The doomsayers have been warning us about it ever since their little outing in the Royal Square. A 3% tax may not be much, they said, but it’s bound to go up soon.
They are right, of course. It is bound to go up, but certainly not as quickly as they predicted. For despite all of the many economic problems facing the Island, we are still going to be able to balance the States books for a few years to come without any increase in GST.
Indeed, it’s not until 2012 that a deficit of £60 million per annum starts showing up in the latest financial forecasts included in the report by the Fiscal Policy Panel. Like all good practitioners of the dismal science, the three expert economists have also erred on the side of caution, so it’s by no means certain that there will be so much permanent red ink in the accounts.
There is a danger, of course, that it can be worse than predicted, so caution is the best policy.
The Treasury Minister, like all good Treasury Ministers, has insisted that even if there is what the experts call a structural deficit, there will be no new taxes. This follows the recommendation by the FPP for the States ‘not to commit to medium-term expenditure greater than that currently forecast.’
But we’ve been here before. The FPP economists said virtually the same thing in their first report – and what did the States do? Approve a significant increase in spending.
I know that was the previous Treasury Minister and the previous Council of Ministers, but it’s a good illustration of how politicians sometimes believe they have to ignore good advice.
Now, don’t get me wrong. I’m not saying they shouldn’t have increased spending. Indeed, regular readers of this column will know that I’m a keen advocate of the States using taxpayers’ money – the more, the better – or at least that’s what my critics would have you believe.
All I’m saying is that our political masters have to take a much wider view of issues than merely worrying about the Budget. It shows how difficult it is to cut States spending without cutting services, and the public don’t want their services to be cut. Indeed, they want them to be improved.
So how are we going to get around this particular conundrum? Easy.

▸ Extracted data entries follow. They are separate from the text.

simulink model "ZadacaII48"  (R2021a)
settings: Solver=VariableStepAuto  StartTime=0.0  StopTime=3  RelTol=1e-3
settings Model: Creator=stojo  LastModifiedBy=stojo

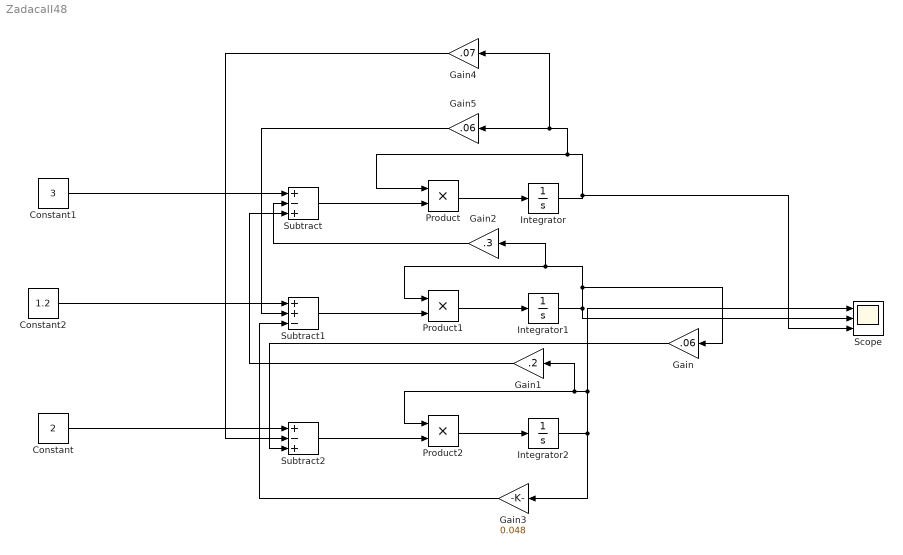
== system ZadacaII48 ==
  Constant : Constant  Value=2
  Constant1 : Constant  Value=3
  Constant2 : Constant  Value=1.2
  Gain : Gain  Gain=.06
  Gain1 : Gain  Gain=.2
  Gain2 : Gain  Gain=.3
  Gain3 : Gain  Gain=0.048
  Gain4 : Gain  Gain=.07
  Gain5 : Gain  Gain=.06
  Integrator : Integrator  InitialCondition=8
  Integrator1 : Integrator  InitialCondition=6
  Integrator2 : Integrator  InitialCondition=5
  Product : Product
  Product1 : Product
  Product2 : Product
  Scope : Scope  NumInputPorts=3
  Subtract : Sum  Inputs=+-+
  Subtract1 : Sum  Inputs=++-
  Subtract2 : Sum  Inputs=+-+
  wires:
  Subtract1/1 -> Product1/2
  Subtract2/1 -> Product2/2
  Product2/1 -> Integrator2/1
  Integrator2/1 -> Scope/1, Gain1/1, Product2/1, Gain3/1
  Product1/1 -> Integrator1/1
  Integrator1/1 -> Scope/2, Gain/1, Gain2/1, Product1/1
  Product/1 -> Integrator/1
  Subtract/1 -> Product/2
  Integrator/1 -> Scope/3, Gain4/1, Gain5/1, Product/1
  Constant/1 -> Subtract2/1
  Constant2/1 -> Subtract1/1
  Constant1/1 -> Subtract/1
  Gain2/1 -> Subtract/2
  Gain1/1 -> Subtract/3
  Gain/1 -> Subtract2/3
  Gain3/1 -> Subtract1/3
  Gain5/1 -> Subtract1/2
  Gain4/1 -> Subtract2/2
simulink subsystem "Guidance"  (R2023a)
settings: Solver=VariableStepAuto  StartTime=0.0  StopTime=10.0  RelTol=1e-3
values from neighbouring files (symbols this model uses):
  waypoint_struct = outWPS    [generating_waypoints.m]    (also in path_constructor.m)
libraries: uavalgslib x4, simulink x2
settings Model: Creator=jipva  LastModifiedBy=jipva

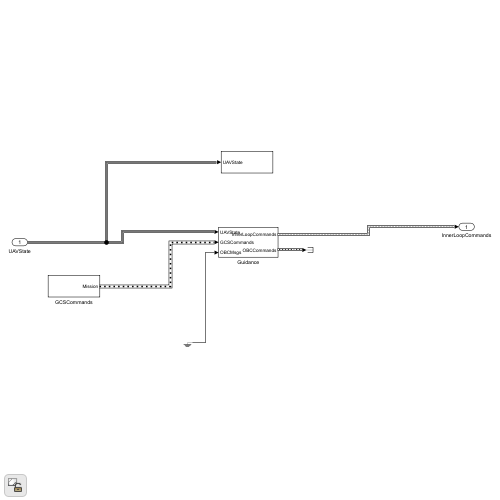
[thumbnail: Simulink's stored preview of the top-level diagram]
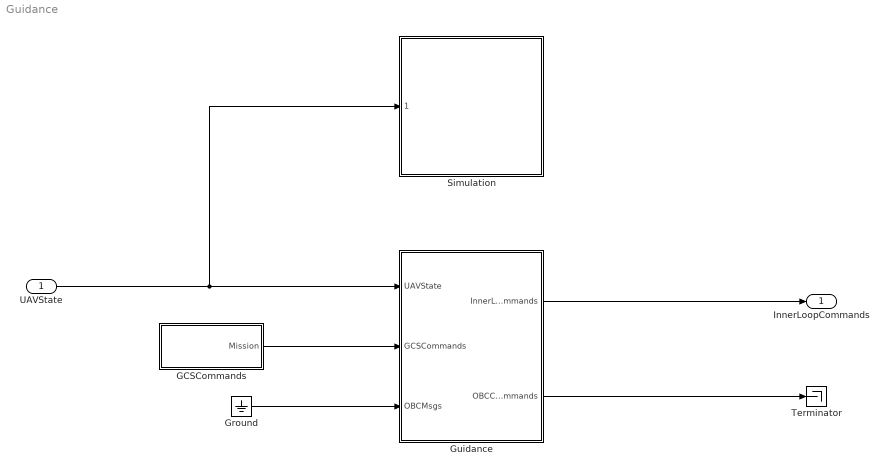
== system Guidance ==
  UAVState : Inport
  GCSCommands : Subsystem
  Ground : Ground
  Guidance : Subsystem
  Simulation : Subsystem  ReferencedSubsystem=Simulation
  Terminator : Terminator
  InnerLoopCommands : Outport
  wires:
  UAVState/1 -> Guidance/1(UAVState), Simulation/1
  GCSCommands/1(Mission) -> Guidance/2(GCSCommands)
  Ground/1 -> Guidance/3(OBCMsgs)
  Guidance/2(OBCCommands) -> Terminator/1
  Guidance/1(InnerLoopCommands) -> InnerLoopCommands/1

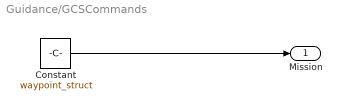
== system Guidance/GCSCommands ==
  Constant : Constant  Value=waypoint_struct  OutDataTypeStr=Bus: UAVPathManagerBus  SampleTime=-1
  Mission : Outport
  wires:
  Constant/1 -> Mission/1

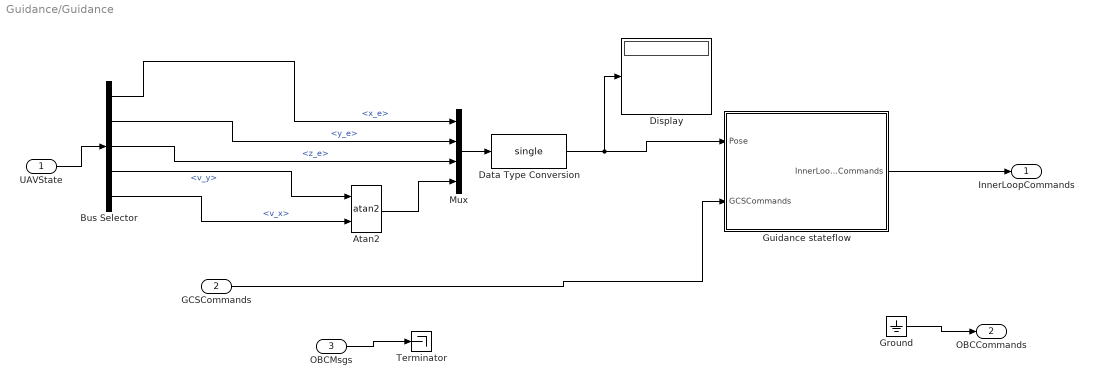
== system Guidance/Guidance ==
  UAVState : Inport
  GCSCommands : Inport  Port=2
  OBCMsgs : Inport  Port=3
  Atan2 : Trigonometry  Operator=atan2
  Bus Selector : BusSelector  OutputSignals=pos.x_e,pos.y_e,pos.z_e,V_e.v_y,V_e.v_x
  Data Type Conversion : DataTypeConversion  OutDataTypeStr=single  SaturateOnIntegerOverflow=off  RndMeth=Floor
  Display : Display
  Ground : Ground
  Guidance stateflow : Subsystem
  Mux : Mux
  Terminator : Terminator
  InnerLoopCommands : Outport
  OBCCommands : Outport  Port=2  OutDataTypeStr=Bus: UAVPathManagerBus
  wires:
  GCSCommands/1 -> Guidance stateflow/2(GCSCommands)
  Data Type Conversion/1 -> Guidance stateflow/1(Pose), Display/1
  Mux/1 -> Data Type Conversion/1
  Bus Selector/5 -> Atan2/2  "<v_x>"
  Bus Selector/4 -> Atan2/1  "<v_y>"
  Bus Selector/3 -> Mux/3  "<z_e>"
  Bus Selector/2 -> Mux/2  "<y_e>"
  Bus Selector/1 -> Mux/1  "<x_e>"
  UAVState/1 -> Bus Selector/1
  Ground/1 -> OBCCommands/1
  Guidance stateflow/1(InnerLoopCommands) -> InnerLoopCommands/1
  OBCMsgs/1 -> Terminator/1
  Atan2/1 -> Mux/4

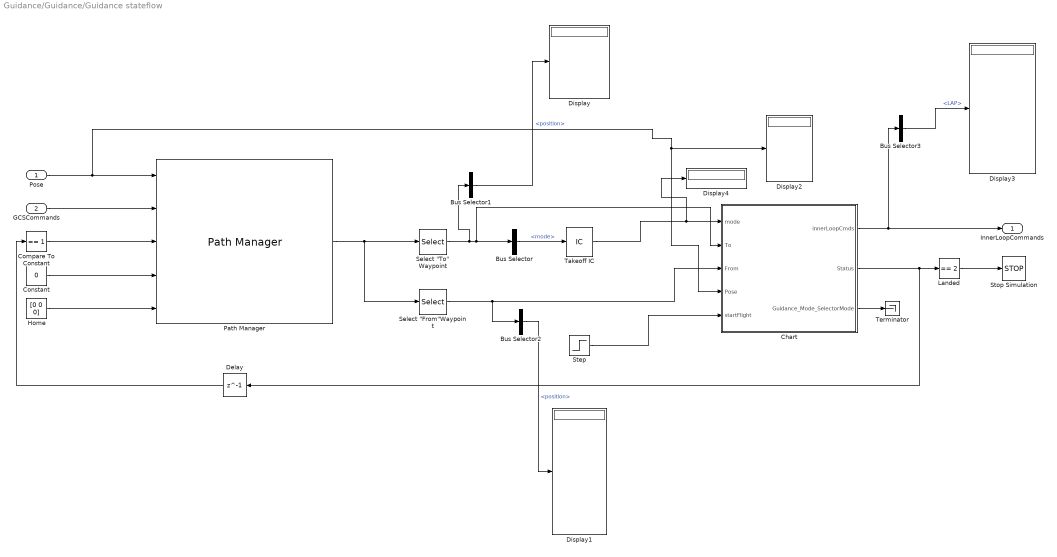
== system Guidance/Guidance/Guidance stateflow ==
  Pose : Inport
  GCSCommands : Inport  Port=2
  Bus Selector : BusSelector  OutputSignals=mode
  Bus Selector1 : BusSelector  OutputSignals=position
  Bus Selector2 : BusSelector  OutputSignals=position
  Bus Selector3 : BusSelector  OutputSignals=LAP
  Chart : Stateflow chart  TreatAsAtomicUnit=on
  Compare To Constant : simulink/Logic and Bit Operations/Compare To Constant  relop===  const=1  OutDataTypeStr=boolean
  Constant : Constant  Value=0  OutDataTypeStr=uint8
  Delay : Delay  DelayLength=1  InitialCondition=0
  Display{,1..4} (5 alike) : Display
  Home : Constant  Value=[0 0 0]  OutDataTypeStr=single
  Landed : simulink/Logic and Bit Operations/Compare To Constant  relop===  const=2  OutDataTypeStr=boolean
  Path Manager : uavalgslib/Path Manager  UAVType=multirotor  LoiterRadius=25  dataType=single  inputBusName='UAVPathManagerBus'  SimulateUsing=Code generation
  "Select \"From\"Waypoint" : Selector  InputPortWidth=2  IndexOptions=Index vector (dialog)  Indices=2  OutputSizes=1
  "Select \"To\" Waypoint" : Selector  InputPortWidth=2  IndexOptions=Index vector (dialog)  Indices=1  OutputSizes=1
  Step : Step  Time=0.5  SampleTime=0.02
  Stop Simulation : Stop
  Takeoff IC : InitialCondition
  Terminator : Terminator
  InnerLoopCommands : Outport  OutDataTypeStr=Bus: innerLoopCmdsBus
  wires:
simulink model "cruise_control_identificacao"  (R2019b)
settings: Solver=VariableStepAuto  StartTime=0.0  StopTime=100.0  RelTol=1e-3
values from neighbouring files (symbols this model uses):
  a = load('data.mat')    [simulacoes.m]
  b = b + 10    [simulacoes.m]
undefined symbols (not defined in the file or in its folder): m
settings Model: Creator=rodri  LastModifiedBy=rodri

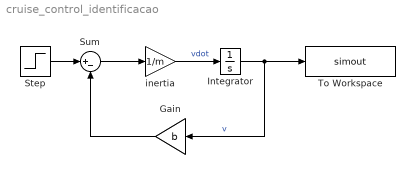
== system cruise_control_identificacao ==
  Gain : Gain  Gain=b
  Integrator : Integrator
  Step : Step  Time=0  After=a.data.f  SampleTime=0
  Sum : Sum  Inputs=|+-
  To Workspace : ToWorkspace  VariableName=simout  SaveFormat=Structure With Time  SampleTime=-1
  inertia : Gain  Gain=1/m
  wires:
  Integrator/1 -> To Workspace/1, Gain/1  "v"
  inertia/1 -> Integrator/1  "vdot"
  Sum/1 -> inertia/1
  Gain/1 -> Sum/2
  Step/1 -> Sum/1
simulink model "e5_Quadrotor_3_blocks"  (R2020a)
settings: Solver=FixedStepAuto  StartTime=0.0  StopTime=options.T_train  FixedStep=options.dt  RelTol=1e-6
undefined symbols (not defined in the file or in its folder): options, Quad
libraries: neural x69, simulink x3
(part 6 of 6)

== system e5_Quadrotor_3_blocks/NN/Layer 3/Delays 1 ==
  "p{3}" : Inport  PortDimensions=30
      mask Display: e = 0.06;c1 = [120 230 180]/255;c2 = ([120 230 180]+0)/(256+128);c3 = ([120 230 180]+128)/(256+128);patch([0 1 1 0],[0 0 1 1],c1);patch([0 1 1 1-e 1-e 0+e],[0 0 1 1-e 0+e 0+e],c2);patch([0 0 1 1-e 0+e 0+e],[0 1 1 1-e 1-e 0+e],c3);plot([0 1 1 0 0],[0 0 1 1 0]);
  mux : Mux  Inputs=1
      mask Display: e = 0.06;c1 = [120 150 230]/255;c2 = ([120 150 230]+0)/383;c3 = ([120 150 230]+128)/383;patch([0 1 1 0],[0 0 1 1],c1);patch([0 1 1 1-e 1-e 0+e],[0 0 1 1-e 0+e 0+e],c2);patch([0 0 1 1-e 0+e 0+e],[0 1 1 1-e 1-e 0+e],c3);plot([0 1 1 0 0],[0 0 1 1 0]);disp('Mux')
  "pd{3,2}" : Outport
      mask Display: e = 0.06;c1 = [120 230 180]/255;c2 = ([120 230 180]+0)/(256+128);c3 = ([120 230 180]+128)/(256+128);patch([0 1 1 0],[0 0 1 1],c1);patch([0 1 1 1-e 1-e 0+e],[0 0 1 1-e 0+e 0+e],c2);patch([0 0 1 1-e 0+e 0+e],[0 1 1 1-e 1-e 0+e],c3);plot([0 1 1 0 0],[0 0 1 1 0]);
  wires:
  "p{3}"/1 -> mux/1
  mux/1 -> "pd{3,2}"/1

== system e5_Quadrotor_3_blocks/NN/Layer 3/LW{3,2} ==
  "ad{3,2}" : Inport  PortDimensions=30
      mask Display: e = 0.06;c1 = [120 230 180]/255;c2 = ([120 230 180]+0)/(256+128);c3 = ([120 230 180]+128)/(256+128);patch([0 1 1 0],[0 0 1 1],c1);patch([0 1 1 1-e 1-e 0+e],[0 0 1 1-e 0+e 0+e],c2);patch([0 0 1 1-e 0+e 0+e],[0 1 1 1-e 1-e 0+e],c3);plot([0 1 1 0 0],[0 0 1 1 0]);
  "IW{3,2}(1,:)'" : Constant  Value=[-0.51254678109572238131619315026910044252872467041015625;-0.2303909649563717076947710893364273943006992340087890625;0.95221744076471626083701949028181843459606170654296875;0.13562594515480075330060572014190256595611572265625;0.432760096545067918238913762252195738255977630615234375;-0.65785664024319989717781709259725175797939300537109375;-0.80431495918778328491072215911117382347583770751953125;-0.467216613185155171805718055111356079578399658203125;0.85756622485518663179249188033281825482845306396484375;-1.079570188496807414679778958088718354701995849609375;1.409678490260338978856680114404298365116119384765625;0.2357383511978932144614873323007486760616302490234375;-0.2221620960290356661115396263994625769555568695068359375;-1.0404642368171364008588852811953984200954437255859375;0.1339108716278248623066104983081459067761898040771484375;0.19329795122655990535776027172687463462352752685546875;-1.07826169315540720816670727799646556377410888671875;0.5161368103069390311787856262526474893093109130859375;0.2151014170117664381365329973050393164157867431640625;0.1773628602912949714376367182921967469155788421630859375;-0.33735184994066003127954900264739990234375;0.48424888905151652895852976143942214548587799072265625;0.71903514644836530322891121613793075084686279296875;-0.485846177137463641759751453719218261539936065673828125;0.85327232575430167482721799387945793569087982177734375;-0.587372813762468748421952113858424127101898193359375;0.55534309923542224396442179568111896514892578125;0.1700725875899853634098946031372179277241230010986328125;-0.11710187423212549406859039891060092486441135406494140625;-0.52074978387466985818576858946471475064754486083984375]
      mask Display: e = 0.06;c1 = [120 150 230]/255;c2 = ([120 150 230]+0)/383;c3 = ([120 150 230]+128)/383;patch([0 1 1 0],[0 0 1 1],c1);patch([0 1 1 1-e 1-e 0+e],[0 0 1 1-e 0+e 0+e],c2);patch([0 0 1 1-e 0+e 0+e],[0 1 1 1-e 1-e 0+e],c3);plot([0 1 1 0 0],[0 0 1 1 0]);disp('weights');
  "IW{3,2}(2,:)'" : Constant  Value=[0.0167868277112131203399059131697867996990680694580078125;0.6433025990084189071893661093781702220439910888671875;-0.0249062619432176314548943452109597274102270603179931640625;0.741166906855656559827139062690548598766326904296875;0.84120628472185654533888055084389634430408477783203125;0.00292163504752237894457334022035865928046405315399169921875;-0.322235864613730271788227810247917659580707550048828125;0.55757722486574967657446677549160085618495941162109375;-0.060061794741713740719557534930572728626430034637451171875;-0.0751090708586184818695841158842085860669612884521484375;0.1715472210139683817420319655866478569805622100830078125;0.308407261725961057141631727063213475048542022705078125;-0.25494728719327552912687906427890993654727935791015625;0.0160178023944187557237039953861312824301421642303466796875;0.220012929405573043339927608030848205089569091796875;0.58233650721528251725800373606034554541110992431640625;0.12485951865100496094296289584235637448728084564208984375;-0.5985825527929076184108225788804702460765838623046875;0.70267029025257976559970529706333763897418975830078125;0.1178911029522342612807506156968884170055389404296875;-0.0249335182470433215640159829717958928085863590240478515625;0.2203484064432011113598974816341069526970386505126953125;-0.160112198699139229862709044027724303305149078369140625;-0.2106381170686273673897659364229184575378894805908203125;-0.3572785580075914513287216323078610002994537353515625;-0.1388136228256115212165155980983399786055088043212890625;-0.383056897240806659699074998570722527801990509033203125;0.72829414672149483944707526461570523679256439208984375;0.158142951744333071228965081900241784751415252685546875;0.5880812307672282912562877754680812358856201171875]
      mask Display: e = 0.06;c1 = [120 150 230]/255;c2 = ([120 150 230]+0)/383;c3 = ([120 150 230]+128)/383;patch([0 1 1 0],[0 0 1 1],c1);patch([0 1 1 1-e 1-e 0+e],[0 0 1 1-e 0+e 0+e],c2);patch([0 0 1 1-e 0+e 0+e],[0 1 1 1-e 1-e 0+e],c3);plot([0 1 1 0 0],[0 0 1 1 0]);disp('weights');
  "IW{3,2}(3,:)'" : Constant  Value=[0.0112564591745442331427451421177465817891061305999755859375;-0.7079537681103731383558397283195517957210540771484375;-0.28389312629468987925207557054818607866764068603515625;0.147572667946573476971394711654284037649631500244140625;1.005811525046080401324388731154613196849822998046875;0.07203680127190602300313315708990558050572872161865234375;-0.56661575765124094772318130708299577236175537109375;0.4100090694083002862413422917597927153110504150390625;0.044486614628830432882633516555870301090180873870849609375;-0.31737417493607844587444333228631876409053802490234375;0.092431042782106287436505454024882055819034576416015625;-0.56764791244586643159664163249544799327850341796875;-0.08955862280071315295604250650285393930971622467041015625;0.0569163630811010679000361278667696751654148101806640625;-0.126735890443810228500609582624747417867183685302734375;-0.442743957720037162317794354748912155628204345703125;-0.021786826540171590205208218549159937538206577301025390625;0.293161019711157322387151680231909267604351043701171875;-0.8747457268957046228052831793320365250110626220703125;0.1821254313549623138346333917070296593010425567626953125;-0.534309044116886067143923355615697801113128662109375;0.2925319830870016790669296824489720165729522705078125;0.0310008261521734045096376775063617969863116741180419921875;0.10085519270528464641500931975315324962139129638671875;-0.341727378836315820453961578095913864672183990478515625;-0.25649797410892094529089035859215073287487030029296875;0.08888951895600684383058620596784749068319797515869140625;-0.86924217289554572829501921660266816616058349609375;0.6758635281012370654707410722039639949798583984375;-0.296376809561871457088244596889126114547252655029296875]
      mask Display: e = 0.06;c1 = [120 150 230]/255;c2 = ([120 150 230]+0)/383;c3 = ([120 150 230]+128)/383;patch([0 1 1 0],[0 0 1 1],c1);patch([0 1 1 1-e 1-e 0+e],[0 0 1 1-e 0+e 0+e],c2);patch([0 0 1 1-e 0+e 0+e],[0 1 1 1-e 1-e 0+e],c3);plot([0 1 1 0 0],[0 0 1 1 0]);disp('weights');
  "IW{3,2}(4,:)'" : Constant  Value=[0.6125087988180950571148741801152937114238739013671875;-0.60694407614783718596385142518556676805019378662109375;0.91900487801871200144177009860868565738201141357421875;0.6143561433623461187636394242872484028339385986328125;-0.1822798840945272502711560491661657579243183135986328125;0.04479238415941437512213241234348970465362071990966796875;-0.308732719858687387759488274241448380053043365478515625;-0.517802265967414410141600455972366034984588623046875;-0.2156047990574780082173589335070573724806308746337890625;0.536083438599389783263404751778580248355865478515625;-0.259572781841144628600659416406415402889251708984375;0.27413821588714315513612973518320359289646148681640625;-0.61927889574570638142603229425731115043163299560546875;0.07955739547322117355410142636173986829817295074462890625;0.71649303718654666628395943916984833776950836181640625;0.43961588650559269009221452506608329713344573974609375;0.468556491531269270200965593176078982651233673095703125;0.47081338847110743017765344120562076568603515625;-0.61057044440077790081744524286477826535701751708984375;-0.871842340848128838359798464807681739330291748046875;-0.696120732527408581091776795801706612110137939453125;0.352021237036145573373602246647351421415805816650390625;-0.406674343162727602862815956541453488171100616455078125;-0.789234022852547401072342836414463818073272705078125;0.3585775622641858007000337238423526287078857421875;-0.3359283034298738979117615599534474313259124755859375;-1.052636110354225440488562526297755539417266845703125;0.6702062746552697181101621026755310595035552978515625;0.2091478727148194660667712696522357873618602752685546875;0.11428141370061284387560363029479049146175384521484375]
      mask Display: e = 0.06;c1 = [120 150 230]/255;c2 = ([120 150 230]+0)/383;c3 = ([120 150 230]+128)/383;patch([0 1 1 0],[0 0 1 1],c1);patch([0 1 1 1-e 1-e 0+e],[0 0 1 1-e 0+e 0+e],c2);patch([0 0 1 1-e 0+e 0+e],[0 1 1 1-e 1-e 0+e],c3);plot([0 1 1 0 0],[0 0 1 1 0]);disp('weights');
  Mux : Mux
      mask Display: e = 0.06;c1 = [120 150 230]/255;c2 = ([120 150 230]+0)/383;c3 = ([120 150 230]+128)/383;patch([0 1 1 0],[0 0 1 1],c1);patch([0 1 1 1-e 1-e 0+e],[0 0 1 1-e 0+e 0+e],c2);patch([0 0 1 1-e 0+e 0+e],[0 1 1 1-e 1-e 0+e],c3);plot([0 1 1 0 0],[0 0 1 1 0]);disp('Mux');
  dotprod{1..4} (4 alike) : neural/Weight Functions/dotprod
  "lz{3,2}" : Outport
      mask Display: e = 0.06;c1 = [120 230 180]/255;c2 = ([120 230 180]+0)/(256+128);c3 = ([120 230 180]+128)/(256+128);patch([0 1 1 0],[0 0 1 1],c1);patch([0 1 1 1-e 1-e 0+e],[0 0 1 1-e 0+e 0+e],c2);patch([0 0 1 1-e 0+e 0+e],[0 1 1 1-e 1-e 0+e],c3);plot([0 1 1 0 0],[0 0 1 1 0]);
  wires:
  "IW{3,2}(1,:)'"/1 -> dotprod1/1
  "ad{3,2}"/1 -> dotprod1/2, dotprod2/2, dotprod3/2, dotprod4/2
  dotprod1/1 -> Mux/1
  "IW{3,2}(2,:)'"/1 -> dotprod2/1
  dotprod2/1 -> Mux/2
  "IW{3,2}(3,:)'"/1 -> dotprod3/1
  dotprod3/1 -> Mux/3
  "IW{3,2}(4,:)'"/1 -> dotprod4/1
  dotprod4/1 -> Mux/4
  Mux/1 -> "lz{3,2}"/1

We’re going to be taxed more, so thank goodness for GST.
I’m no expert, but I really don’t see any other way to meet the increasing demands of the population for health care, education, retraining, child care, redundancy protection, children’s services, more policing, more Customs officers, better investor protection, planning for an ageing population, keeping Brig-y-Don open, diversifying an economy that could suffer collateral damage by attacks on tax havens, more overseas aid … you get the picture.
Take the long-delayed New Directions policy being put together by the Health and Social Services department. Now this could solve several of the major problems facing the Island, including provision for the elderly and how to help OAPs who are currently forced to sell their homes to pay for their care.
Then there’s the well-known adage that prevention is better than cure, so there is a host of services that need to be reorganised and improved in order to ensure a healthier population. And we have a new Health Minister who apparently wants a new hospital, and who would say she is wrong?
These are all very worthy aims, and ones that a responsible government should be striving to achieve. But they are going to cost tens of millions of pounds and perhaps might even go into nine figures if you include a new hospital. Where is the money coming from?
You have to admire the confidence of the Treasury Minister when he says that there will be no new taxes and that departments ‘will not be given any more money’. Apparently, any new initiatives will have to be funded by efficiency savings.
Now not even ‘disgusted of St Saviour’, or any of the other hardened critics who complain constantly about the States wasting money, can believe that there’s enough scope to make savings to meet an annual deficit of £60 million or more. Our reserves will be severely depleted by the recession, so there’s only one solution: higher taxes.
That, of course, will send shivers down the spines of many people; and, to be frank, I don’t like the idea much either. But I like the alternative even less. I wouldn’t like to see the Island stagnate just because we don’t have the funds to invest in public services or our economic future. If we want better services, we are going to have to pay for them, and increasing GST is by far the best option.
WE will still be far better off than most. GST could increase threefold and we would still be paying less than most other countries, and our other tax rates continue to be much lower than most.
Thanks to some clever forward thinking by the States, we also have reserves to see us through the recession so that there will be far less damage to the economy, jobs and prosperity.
So we might come out of it with a structural deficit, but you don’t have to look far to see how much worse off other jurisdictions will be. Guernsey is talking about borrowing £175 million to pay for capital projects, they will be using up half their reserves just to fill the black hole left by zero/ten and they have no money for a fiscal stimulus even if they wanted one.
Thanks to us, they know what the solution is. Welcome to the world of GST.